Cinema

Gianfranco Rosi conquista l’Orso d’oro con “Fuocoammare”, un documentario da non perdere

 

“Film eccitante e originale, la giuria è stata travolta dalla compassione. Un film che mette insieme arte e politica e tante sfumature. È esattamente quel che significa arte nel modo in cui lo intende la Berlinale. Un libero racconto e immagini di verità che ci racconta quello che succede oggi. Un film urgente, visionario, necessario”: queste le parole pronunciate da Meryl Streep al momento della premiazione di Fuocoammare(Fire at Sea), il docufilm del regista Gianfranco Rosi, visibilmente e comprensibilmente commosso, durante la 66esima edizione del Festival del cinema di Berlino appena conclusasi. Rosi, classe ’64, si è fatto conoscere al grande pubblico con un altro documentario,  Sacro Gra’, premiato con un riconoscimento altrettanto prestigioso, il Leone d’Oro durante la 70esima edizione del Festival del cinema di Venezia, nel 2013.

La Berlinale mai  come quest’anno è stata fortemente impronata sul tema dell’immigrazione, e dell’integrazione.

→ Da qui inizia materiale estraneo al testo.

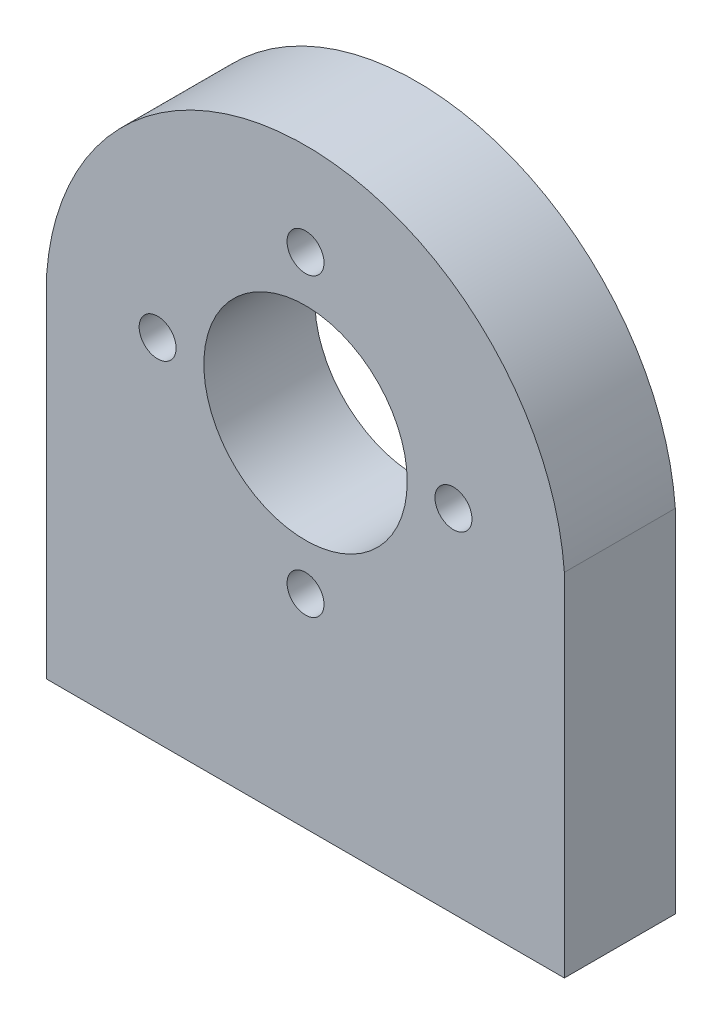
SolidWorks part; units mm, degrees
ref_plane "Front" through (0, 0, 0) normal (0, 0, 1) x (1, 0, 0)
ref_plane "Top" through (0, 0, 0) normal (0, 1, 0) x (1, 0, 0)
ref_plane "Right" through (0, 0, 0) normal (1, 0, 0) x (0, 0, -1)
sketch "Esquisse1" plane through (0, 0, 0) normal (0, 0, 1) x (1, 0, 0)
  line L1 (0, 0) -> (28, 0)
  line L2 (0, 0) -> (0, 32)
  line L3 (0, 32) -> (28, 32)
  line L4 (28, 0) -> (28, 32)
  dimension "D1" = 28
  dimension "D2" = 32
extrude "Boss.-Extru.1" add sketch "Esquisse1" along normal blind 6
sketch "Esquisse2" plane through (0, 0, 0) normal (0, -1, 0) x (1, 0, 0)
  line L0 (0, 3) -> (24.8385, 3) construction
  line L1 (0, 6) -> (0, 0) construction
  line L2 (14, 0) -> (14, 4.923) construction
  line L3 (0, 0) -> (28, 0) construction
  circle A0 centre (6, 3) radius 1.25
  circle A1 centre (22, 3) radius 1.25
  dimension "D1" = 16
  dimension "D2" = 2.5
extrude "Enlèv. mat.-Extru.1" cut sketch "Esquisse2" against normal blind 10
sketch "Esquisse3" plane through (0, 0, 6) normal (0, 0, 1) x (1, 0, 0)
  line L0 (14, 0) -> (14, 19) construction
  line L1 (0, 0) -> (28, 0) construction
  circle A0 centre (14, 19) radius 5.5
  dimension "D1" = 11
  dimension "D2" = 19
extrude "Enlèv. mat.-Extru.2" cut sketch "Esquisse3" against normal through all
sketch "Esquisse4" plane through (0, 0, 6) normal (0, 0, 1) x (1, 0, 0)
  line L0 (14, 19) -> (14, 11) construction
  circle A0 centre (14, 11) radius 1
  circle A1 centre (6, 19) radius 1
  circle A2 centre (14, 27) radius 1
  circle A3 centre (22, 19) radius 1
  point P13 (14, 19)
  dimension "D1" = 2
  dimension "D2" = 8
  dimension "D3" = 4
extrude "Enlèv. mat.-Extru.4" cut sketch "Esquisse4" against normal through all
sketch "Esquisse5" plane through (0, 0, 6) normal (0, 0, 1) x (1, 0, 0)
  line L0 (0, 32) -> (0, 0) construction
  line L1 (28, 0) -> (28, 32) construction
  line L2 (14, 32) -> (28, 32) construction
  line L3 (0, 19) -> (28, 19) construction
  line L4 (0, 19) -> (14, 19) construction
  line L5 (0, 19) -> (0, 33)
  line L6 (0, 33) -> (28, 33)
  line L7 (28, 33) -> (28, 19)
  arc A0 (0, 19) -> (28, 19) centre (14, 17.9615) cw
  dimension "D1" = 1
extrude "Enlèv. mat.-Extru.5" cut sketch "Esquisse5" against normal through all

“Il mio pensiero più profondo va a tutti coloro che non sono mai arrivati a Lampedusa, a coloro che sono morti. Dedico questo lavoro ai lampedusani che mi hanno accolto e hanno accolto le persone che arrivavano. È un popolo di pescatori e i pescatori accolgono tutto ciò che arriva dal mare. Questa è una lezione che dobbiamo imparare”. E ha continuato: “Per la prima volta l’Europa sta discutendo seriamente alcune regole da fissare, io non sono contento di ciò che stanno decidendo. Le barriere non hanno mai funzionato, specialmente quelle mentali. Spero che questo film aiuti ad abbattere queste barriere”, queste le parole del regista premiato, e noi non possiamo che associarci al suo pensiero e alla sua speranza.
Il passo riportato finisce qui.